▸ **WORK ORDER**: Tally the lines below that hold the string "ezdxf", and give only the tally.

* * * * *

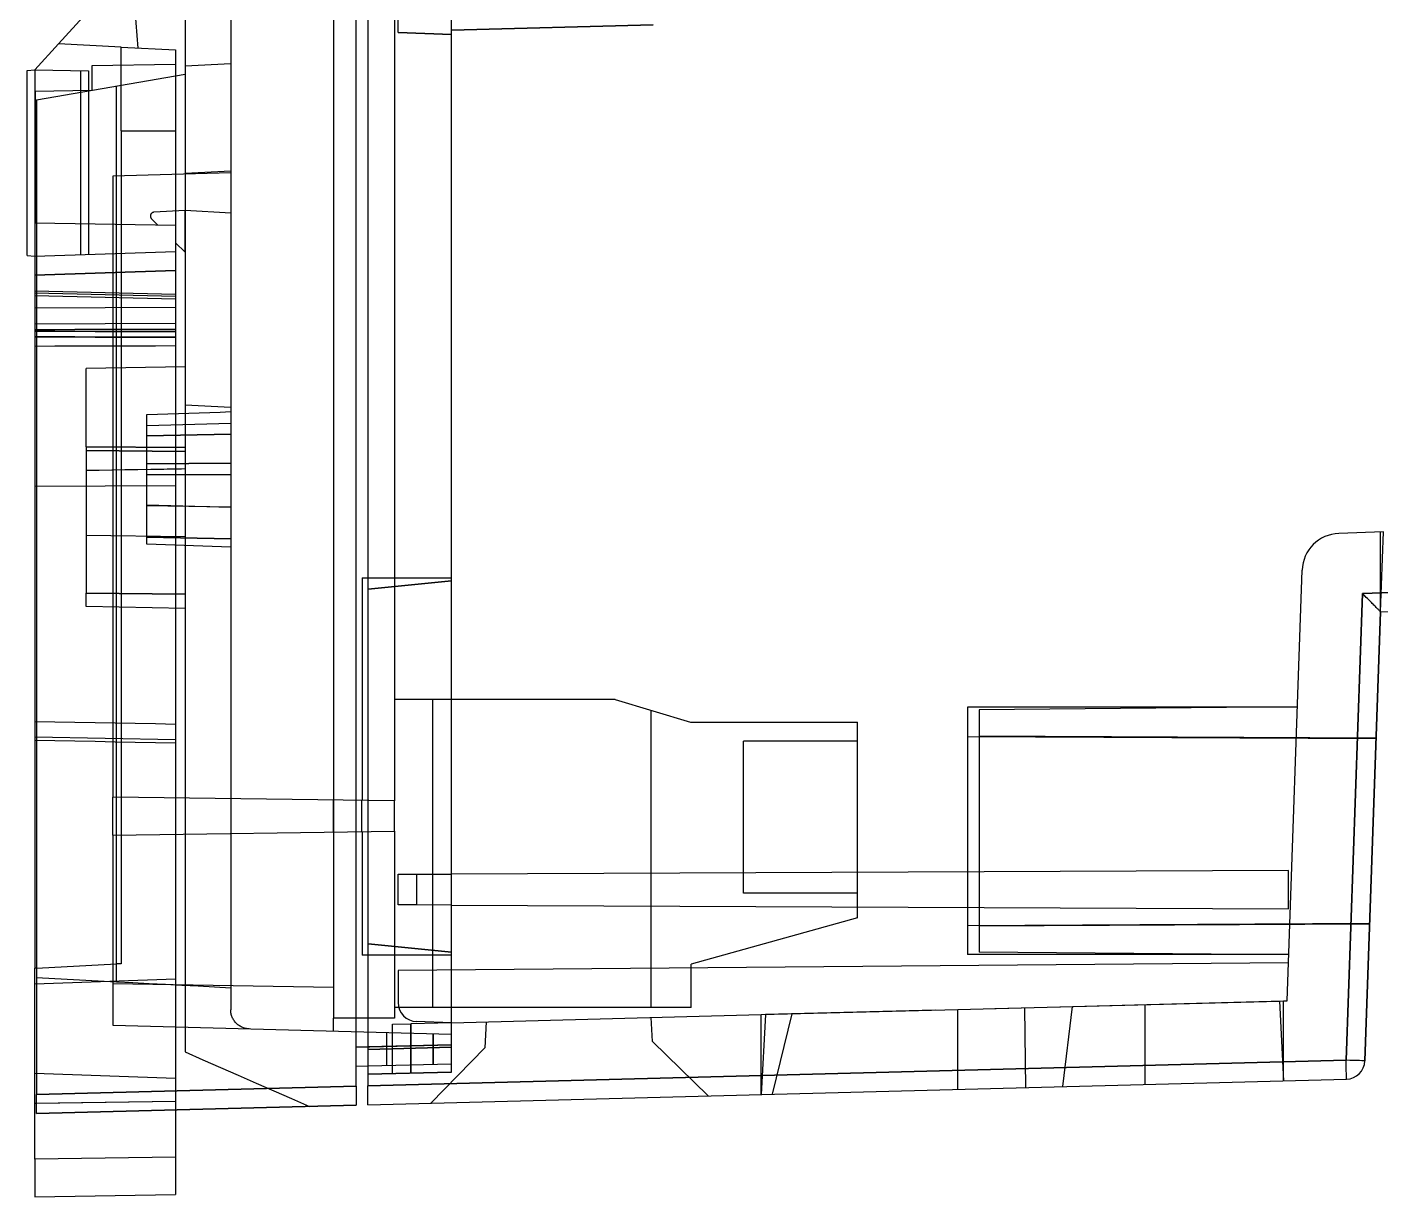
# Model space of a CAD drawing. Header units: millimetres. Extents: x -0.6 to 58, y -144 to -51.8.
# Drawn here: x -0.55 to 35.02, y -144.03 to -113.28 of the extents above; entities that cross this region are included whole.
import ezdxf

# ---------------------------------------------------------------- set-up
doc = ezdxf.new("R2010")
doc.units = ezdxf.units.MM
doc.layers.add('MAIN-1', color=7, linetype='Continuous')
doc.layers.add('MAIN-2', color=7, linetype='Continuous')

msp = doc.modelspace()

# ---------------------------------------------------------------- linework, layer by layer
at = {"layer": 'MAIN-1'}
for p, q in [((8.1, -141.118), (8.1, -52.542)), ((8.4, -52.551), (8.4, -141.11)), ((3.6, -85.489), (3.6, -114.516)), ((1.919, -111.913), (0.274, -113.723)), ((2.365, -113.832), (2.219, -111.913)), ((0.274, -113.723), (-0.351, -114.41)), ((1.919, -113.809), (0.274, -113.723)), ((1.919, -113.809), (3.349, -113.884)), ((1.919, -114.81), (1.919, -113.809)), ((3.349, -113.884), (3.349, -114.56)), ((-0.551, -114.427), (-0.351, -114.41)), ((-0.551, -119.289), (-0.551, -114.427)), ((-0.351, -114.41), (-0.351, -138.019)), ((-0.3, -115.198), (3.6, -114.516)), ((-0.3, -115.198), (-0.3, -141.336)), ((-0.551, -119.289), (-0.351, -119.306)), ((45.809, -127.776), (34.536, -128.17)), ((34.536, -128.17), (34.107, -140.437)), ((34.571, -128.205), (34.536, -128.17)), ((34.605, -128.239), (34.571, -128.205)), ((34.637, -128.271), (34.605, -128.239)), ((34.668, -128.302), (34.637, -128.271)), ((34.697, -128.331), (34.668, -128.302)), ((34.724, -128.358), (34.697, -128.331)), ((34.749, -128.384), (34.724, -128.358)), ((34.773, -128.408), (34.749, -128.384)), ((34.796, -128.431), (34.773, -128.408)), ((35.015, -128.653), (45.774, -128.277)), ((34.602, -140.454), (35.015, -128.653)), ((34.818, -128.453), (34.796, -128.431)), ((34.839, -128.474), (34.818, -128.453)), ((34.86, -128.495), (34.839, -128.474)), ((34.88, -128.515), (34.86, -128.495)), ((34.898, -128.534), (34.88, -128.515)), ((34.916, -128.552), (34.898, -128.534)), ((34.933, -128.569), (34.916, -128.552)), ((34.948, -128.585), (34.933, -128.569)), ((34.962, -128.599), (34.948, -128.585)), ((34.975, -128.612), (34.962, -128.599)), ((34.986, -128.623), (34.975, -128.612)), ((34.995, -128.632), (34.986, -128.623)), ((35.002, -128.64), (34.995, -128.632)), ((35.008, -128.645), (35.002, -128.64)), ((35.012, -128.65), (35.008, -128.645)), ((35.014, -128.652), (35.012, -128.65)), ((35.015, -128.653), (35.014, -128.652)), ((-0.3, -138.017), (-0.351, -138.019)), ((-0.351, -141.572), (-0.351, -138.019)), ((8.4, -140.089), (8.1, -140.097)), ((34.107, -140.437), (8.4, -141.11)), ((8.1, -140.597), (8.4, -140.589)), ((8.1, -141.117), (-0.3, -141.337)), ((8.1, -141.118), (8.1, -141.141)), ((8.1, -141.141), (8.1, -141.164)), ((8.1, -141.164), (8.1, -141.187)), ((8.1, -141.187), (8.1, -141.209)), ((8.1, -141.209), (8.1, -141.231)), ((8.4, -141.61), (34.116, -140.937)), ((8.4, -141.133), (8.4, -141.11)), ((8.4, -141.156), (8.4, -141.133)), ((8.4, -141.179), (8.4, -141.156)), ((8.4, -141.201), (8.4, -141.179)), ((8.4, -141.223), (8.4, -141.201)), ((8.4, -141.244), (8.4, -141.223)), ((-0.351, -141.678), (-0.351, -141.572)), ((-0.342, -141.572), (-0.351, -141.572)), ((-0.334, -141.572), (-0.342, -141.572)), ((-0.325, -141.572), (-0.334, -141.572)), ((-0.317, -141.571), (-0.325, -141.572)), ((-0.308, -141.571), (-0.317, -141.571)), ((-0.3, -141.571), (-0.308, -141.571)), ((-0.3, -141.337), (-0.3, -141.336)), ((-0.3, -141.336), (-0.3, -141.336)), ((-0.3, -141.336), (-0.3, -141.336)), ((-0.3, -141.338), (-0.3, -141.337)), ((-0.3, -141.337), (-0.3, -141.337)), ((-0.3, -141.337), (-0.3, -141.337)), ((-0.3, -141.337), (-0.3, -141.337)), ((-0.3, -141.337), (-0.3, -141.337)), ((-0.3, -141.337), (-0.3, -141.337)), ((-0.3, -141.337), (-0.3, -141.337)), ((-0.3, -141.337), (-0.3, -141.337)), ((-0.3, -141.337), (-0.3, -141.337)), ((-0.3, -141.337), (-0.3, -141.337)), ((-0.3, -141.337), (-0.3, -141.337)), ((-0.3, -141.337), (-0.3, -141.337)), ((-0.3, -141.337), (-0.3, -141.337)), ((-0.3, -141.337), (-0.3, -141.337)), ((-0.3, -141.337), (-0.3, -141.337)), ((-0.3, -141.337), (-0.3, -141.337)), ((-0.3, -141.337), (-0.3, -141.337)), ((-0.3, -141.337), (-0.3, -141.337)), ((-0.3, -141.337), (-0.3, -141.337)), ((-0.3, -141.337), (-0.3, -141.337)), ((-0.3, -141.337), (-0.3, -141.337)), ((-0.3, -141.337), (-0.3, -141.337)), ((-0.3, -141.337), (-0.3, -141.337)), ((-0.3, -141.337), (-0.3, -141.337)), ((-0.3, -141.337), (-0.3, -141.337)), ((-0.3, -141.337), (-0.3, -141.337)), ((-0.3, -141.337), (-0.3, -141.337)), ((-0.3, -141.337), (-0.3, -141.337)), ((-0.3, -141.337), (-0.3, -141.337)), ((-0.3, -141.337), (-0.3, -141.337)), ((-0.3, -141.337), (-0.3, -141.337)), ((-0.3, -141.337), (-0.3, -141.337)), ((-0.3, -141.337), (-0.3, -141.337)), ((-0.3, -141.337), (-0.3, -141.337)), ((-0.3, -141.337), (-0.3, -141.337)), ((-0.3, -141.337), (-0.3, -141.337)), ((-0.3, -141.337), (-0.3, -141.337)), ((-0.3, -141.337), (-0.3, -141.337)), ((-0.3, -141.337), (-0.3, -141.337)), ((-0.3, -141.337), (-0.3, -141.337)), ((-0.3, -141.337), (-0.3, -141.337)), ((-0.3, -141.337), (-0.3, -141.337)), ((-0.3, -141.337), (-0.3, -141.337)), ((-0.3, -141.337), (-0.3, -141.337)), ((-0.3, -141.337), (-0.3, -141.337)), ((-0.3, -141.337), (-0.3, -141.337)), ((-0.3, -141.337), (-0.3, -141.337)), ((-0.3, -141.337), (-0.3, -141.337)), ((-0.3, -141.337), (-0.3, -141.337)), ((-0.3, -141.337), (-0.3, -141.337)), ((-0.3, -141.338), (-0.3, -141.338)), ((-0.3, -141.338), (-0.3, -141.338)), ((-0.3, -141.338), (-0.3, -141.338)), ((-0.3, -141.338), (-0.3, -141.338)), ((-0.3, -141.338), (-0.3, -141.338)), ((-0.3, -141.338), (-0.3, -141.338)), ((-0.3, -141.338), (-0.3, -141.338)), ((-0.3, -141.338), (-0.3, -141.338)), ((-0.3, -141.338), (-0.3, -141.338)), ((-0.3, -141.338), (-0.3, -141.338)), ((-0.3, -141.338), (-0.3, -141.338)), ((-0.3, -141.338), (-0.3, -141.338)), ((-0.3, -141.338), (-0.3, -141.338)), ((-0.3, -141.338), (-0.3, -141.338)), ((-0.3, -141.338), (-0.3, -141.338)), ((-0.3, -141.338), (-0.3, -141.338)), ((-0.3, -141.338), (-0.3, -141.338)), ((-0.3, -141.338), (-0.3, -141.338)), ((-0.3, -141.338), (-0.3, -141.338)), ((-0.3, -141.338), (-0.3, -141.338)), ((-0.3, -141.338), (-0.3, -141.338)), ((-0.3, -141.338), (-0.3, -141.338)), ((-0.3, -141.338), (-0.3, -141.338)), ((-0.3, -141.338), (-0.3, -141.338)), ((-0.3, -141.338), (-0.3, -141.338)), ((-0.3, -141.338), (-0.3, -141.338)), ((-0.3, -141.338), (-0.3, -141.338)), ((-0.3, -141.338), (-0.3, -141.338)), ((-0.3, -141.338), (-0.3, -141.338)), ((-0.3, -141.363), (-0.3, -141.338)), ((-0.3, -141.387), (-0.3, -141.363)), ((-0.3, -141.41), (-0.3, -141.387)), ((-0.3, -141.433), (-0.3, -141.41)), ((-0.3, -141.456), (-0.3, -141.433)), ((-0.3, -141.478), (-0.3, -141.456)), ((-0.3, -141.5), (-0.3, -141.478)), ((-0.3, -141.521), (-0.3, -141.5)), ((-0.3, -141.542), (-0.3, -141.521)), ((-0.3, -141.563), (-0.3, -141.542)), ((-0.3, -141.583), (-0.3, -141.563)), ((-0.3, -141.603), (-0.3, -141.583)), ((8.1, -141.231), (8.1, -141.252)), ((8.1, -141.252), (8.1, -141.273)), ((8.1, -141.273), (8.1, -141.294)), ((8.1, -141.294), (8.1, -141.315)), ((8.1, -141.315), (8.1, -141.335)), ((8.1, -141.335), (8.1, -141.355)), ((8.1, -141.355), (8.1, -141.374)), ((8.1, -141.374), (8.1, -141.393)), ((8.1, -141.393), (8.1, -141.412)), ((8.1, -141.412), (8.1, -141.43)), ((8.1, -141.43), (8.1, -141.447)), ((8.1, -141.447), (8.1, -141.464)), ((8.1, -141.464), (8.1, -141.479)), ((8.1, -141.479), (8.1, -141.495)), ((8.1, -141.495), (8.1, -141.509)), ((8.1, -141.509), (8.1, -141.523)), ((8.1, -141.523), (8.1, -141.535)), ((8.1, -141.535), (8.1, -141.547)), ((8.1, -141.547), (8.1, -141.558)), ((8.1, -141.558), (8.1, -141.568)), ((8.1, -141.568), (8.1, -141.578)), ((8.1, -141.578), (8.1, -141.586)), ((8.4, -141.265), (8.4, -141.244)), ((8.4, -141.286), (8.4, -141.265)), ((8.4, -141.307), (8.4, -141.286)), ((8.4, -141.327), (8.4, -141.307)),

* * * * *

▸ **RESPONSE AREA**: 3